Chandigarh Police drawing flak from all quarters

By Jaideep Sarin, IANS
Sunday, January 9, 2011

CHANDIGARH - First failing to nab the murderers of a five-year-old and then overreacting to the natural death of Punjab’s acting advocate general’s mother-in-law, the Chandigarh Police is not surprisingly drawing flak from all quarters.

Khushpreet Singh, fondly called ‘Khushi’, was kidnapped from his home in Chandigarh’s Burail village Dec 21, 2010.

The family of Khushpreet, a kindergarten student of a private school here, paid a ransom of Rs.4 lakh to the kidnappers last month. However, the move to get the child back even after the ransom was paid misfired, thanks to the inept handling of the case by the Chandigarh Police.

The body of the child was Wednesday found on the Chandigarh-Mohali border, strangulated and battered to death. He was wearing the same school uniform in which he had been kidnapped two-weeks prior to that.

The Chandigarh Police had floundered the moment the victim’s uncle went to deliver the ransom in Punjab’s Kharar town, 20 km from here. They let the kidnappers easily slip away after collecting the money.

The news of the death led to angry residents of Burail village taking to streets, fighting pitched battles with the police and damaging vehicles and property for two days.

A 19-member team of police officers, led by a deputy superintendent of police and station house officer (SHO), were tracking the victim’s uncle when he went to deliver the ransom.

“A proper sketch of the kidnappers could not be made since people, including PCO booth owners, didn’t remember them distinctly,” Deputy Superintendent of Police (south division) Vijay Kumar, whose team is under fire for messing up the kidnapping which led to the child’s murder, said here.

Ironical as it may seem, the Chandigarh Police have announced a reward of Rs.5 lakh to anyone giving information about the kidnappers and murderers of the child.
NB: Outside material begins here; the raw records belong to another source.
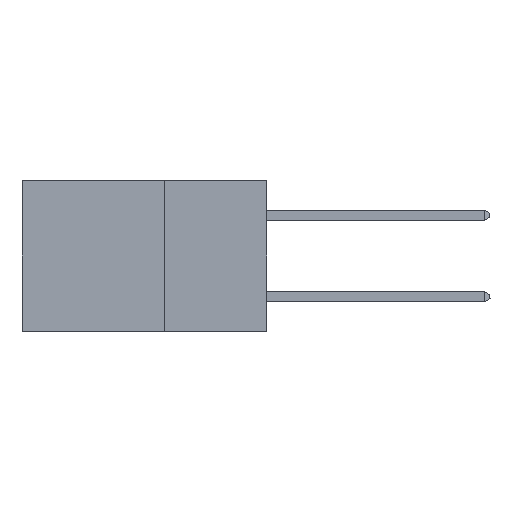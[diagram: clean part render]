
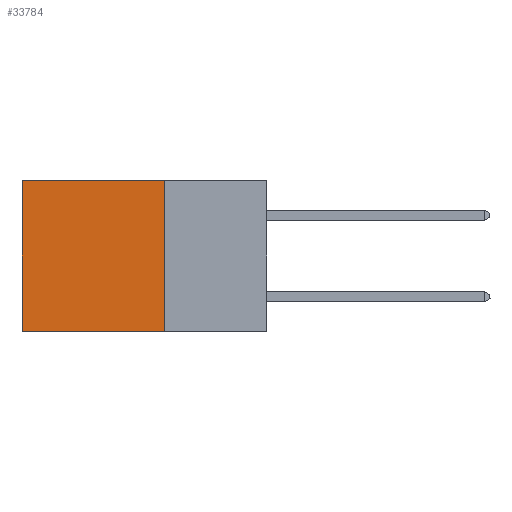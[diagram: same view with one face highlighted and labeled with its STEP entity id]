
A CAD part, left-side view. The second image highlights one B-rep face of the part: STEP entity #33784.
In plain terms, the highlighted planar face has unit normal (-1, 0, 0).
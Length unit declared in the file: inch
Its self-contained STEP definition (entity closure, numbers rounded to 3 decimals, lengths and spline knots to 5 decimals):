
#299 = VECTOR ( 'NONE', #16330, 39.37008 ) ;
#2160 = CARTESIAN_POINT ( 'NONE',  ( 0.2875, 0.6, 0. ) ) ;
#2761 = ORIENTED_EDGE ( 'NONE', *, *, #15411, .T. ) ;
#4576 = CARTESIAN_POINT ( 'NONE',  ( 0.2875, 0.6, -0.37 ) ) ;
#6265 = LINE ( 'NONE', #29528, #14139 ) ;
#6692 = CARTESIAN_POINT ( 'NONE',  ( 0.2875, 0.25, 0. ) ) ;
#7552 = EDGE_LOOP ( 'NONE', ( #2761, #13690, #16440, #32010 ) ) ;
#8548 = DIRECTION ( 'NONE',  ( 0., 0., -1. ) ) ;
#9790 = VERTEX_POINT ( 'NONE', #11080 ) ;
#11080 = CARTESIAN_POINT ( 'NONE',  ( 0.2875, 0.25, -0.37 ) ) ;
#11389 = LINE ( 'NONE', #2160, #299 ) ;
#12567 = EDGE_CURVE ( 'NONE', #24620, #9790, #26816, .T. ) ;
#13690 = ORIENTED_EDGE ( 'NONE', *, *, #36478, .F. ) ;
#14139 = VECTOR ( 'NONE', #35617, 39.37008 ) ;
#14435 = DIRECTION ( 'NONE',  ( 1., 0., 0. ) ) ;
#14585 = VECTOR ( 'NONE', #21513, 39.37008 ) ;
#15411 = EDGE_CURVE ( 'NONE', #23001, #16569, #11389, .T. ) ;
#16322 = DIRECTION ( 'NONE',  ( 0., 0., -1. ) ) ;
#16330 = DIRECTION ( 'NONE',  ( 0., 0., -1. ) ) ;
#16440 = ORIENTED_EDGE ( 'NONE', *, *, #12567, .F. ) ;
#16569 = VERTEX_POINT ( 'NONE', #4576 ) ;
#17365 = LINE ( 'NONE', #6692, #14585 ) ;
#19035 = VECTOR ( 'NONE', #16322, 39.37008 ) ;
#20522 = PLANE ( 'NONE',  #26468 ) ;
#21513 = DIRECTION ( 'NONE',  ( 0., 1., 0. ) ) ;
#22250 = CARTESIAN_POINT ( 'NONE',  ( 0.2875, 0.25, 0. ) ) ;
#23001 = VERTEX_POINT ( 'NONE', #25343 ) ;
#23212 = CARTESIAN_POINT ( 'NONE',  ( 0.2875, 0.25, 0. ) ) ;
#24620 = VERTEX_POINT ( 'NONE', #27863 ) ;
#25343 = CARTESIAN_POINT ( 'NONE',  ( 0.2875, 0.6, 0. ) ) ;
#26468 = AXIS2_PLACEMENT_3D ( 'NONE', #23212, #14435, #8548 ) ;
#26707 = FACE_OUTER_BOUND ( 'NONE', #7552, .T. ) ;
#26816 = LINE ( 'NONE', #22250, #19035 ) ;
#27863 = CARTESIAN_POINT ( 'NONE',  ( 0.2875, 0.25, 0. ) ) ;
#29446 = EDGE_CURVE ( 'NONE', #24620, #23001, #17365, .T. ) ;
#29528 = CARTESIAN_POINT ( 'NONE',  ( 0.2875, 0.25, -0.37 ) ) ;
#32010 = ORIENTED_EDGE ( 'NONE', *, *, #29446, .T. ) ;
#33784 = ADVANCED_FACE ( 'NONE', ( #26707 ), #20522, .F. ) ;
#35617 = DIRECTION ( 'NONE',  ( 0., 1., 0. ) ) ;
#36478 = EDGE_CURVE ( 'NONE', #9790, #16569, #6265, .T. ) ;
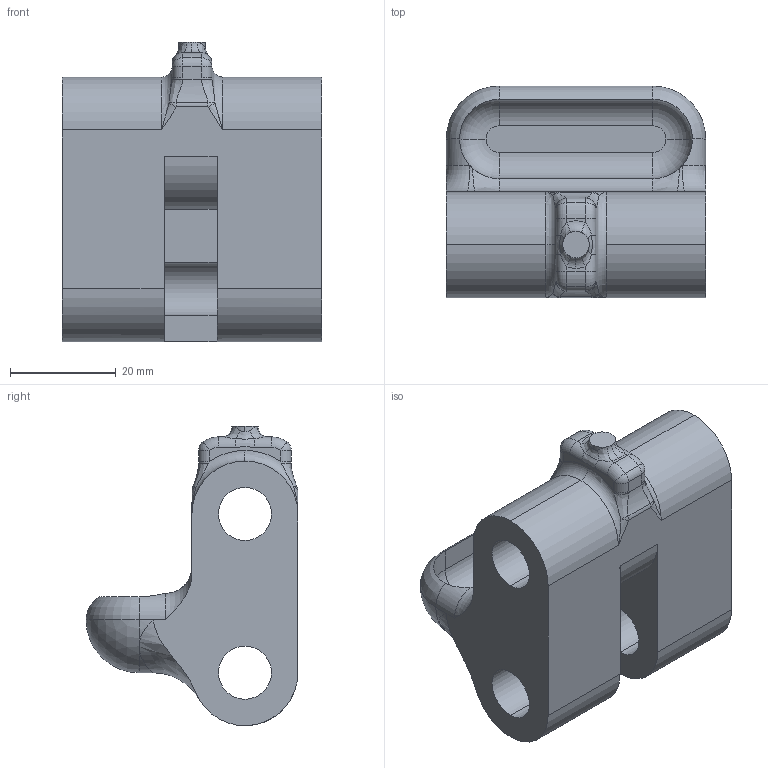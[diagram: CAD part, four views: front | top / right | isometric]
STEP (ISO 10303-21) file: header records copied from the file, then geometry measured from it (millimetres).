
FILE_DESCRIPTION (( 'STEP AP203' ), '1' );
FILE_NAME ('Hammer Slide.STEP', '2013-08-28T13:22:51', ( '' ), ( '' ), 'SwSTEP 2.0', 'SolidWorks 2013', '' );
FILE_SCHEMA (( 'CONFIG_CONTROL_DESIGN' ));
Length unit declared in the file: millimetre
Products named in the file (1): Hammer Slide
Bounding box: 49 x 40 x 56.56 mm (x, y, z)
Volume: 43110.8 mm3; surface area: 13485.9 mm2
Topology: 1 solids, 1 shells, 120 faces, 297 edges, 163 vertices
Faces by surface type: cylinder 45, bspline 26, plane 21, torus 18, sphere 10
Entity records: 4695 total; most frequent: CARTESIAN_POINT 2010, ORIENTED_EDGE 566, DIRECTION 536, EDGE_CURVE 283, AXIS2_PLACEMENT_3D 227, VERTEX_POINT 163, CIRCLE 132, EDGE_LOOP 124

Earlier, the police had announced a reward of Rs.1 lakh for information on the kidnappers but got no clue.

Chandigarh’s home secretary Ram Niwas, who has ordered a magisterial probe into the kidnapping and murder of Khushpreet and the pitiful police handling of the case, has sought a daily report from the police top brass on the case and other sensational crimes in the city in recent months.

“The murder of Khushpreet has tarnished the image of the police. Public faith has to be restored. I am seeking daily updates in this and other important cases till the killers are caught,” the home secretary said.

Ironically, just a day after Khushpreet’s body was found, the Chandigarh Police had overreacted to the mysterious death of a 75-year-old woman, Gurbal Maninder Kaur, who was found dead in her house in Sector 21 here.

Since Kaur had two powerful sons-in-law, one a top bureaucrat in Punjab and the other the state’s acting advocate general, the police immediately registered a case which covered an entire gamut of crimes from trespassing, dacoity and sexual assault to murder.

Later, it turned out from the autopsy report that the woman had died of natural causes.

The investigative efficiency of the Chandigarh Police was again challenged for failing to resolve the murder of MBA student Neha Ahlawat, 22, in the city’s Sector 38-west, even six months after the murder took place.

In recent months, incidents of murders, snatchings, vehicle thefts and other crimes have also increased in the city.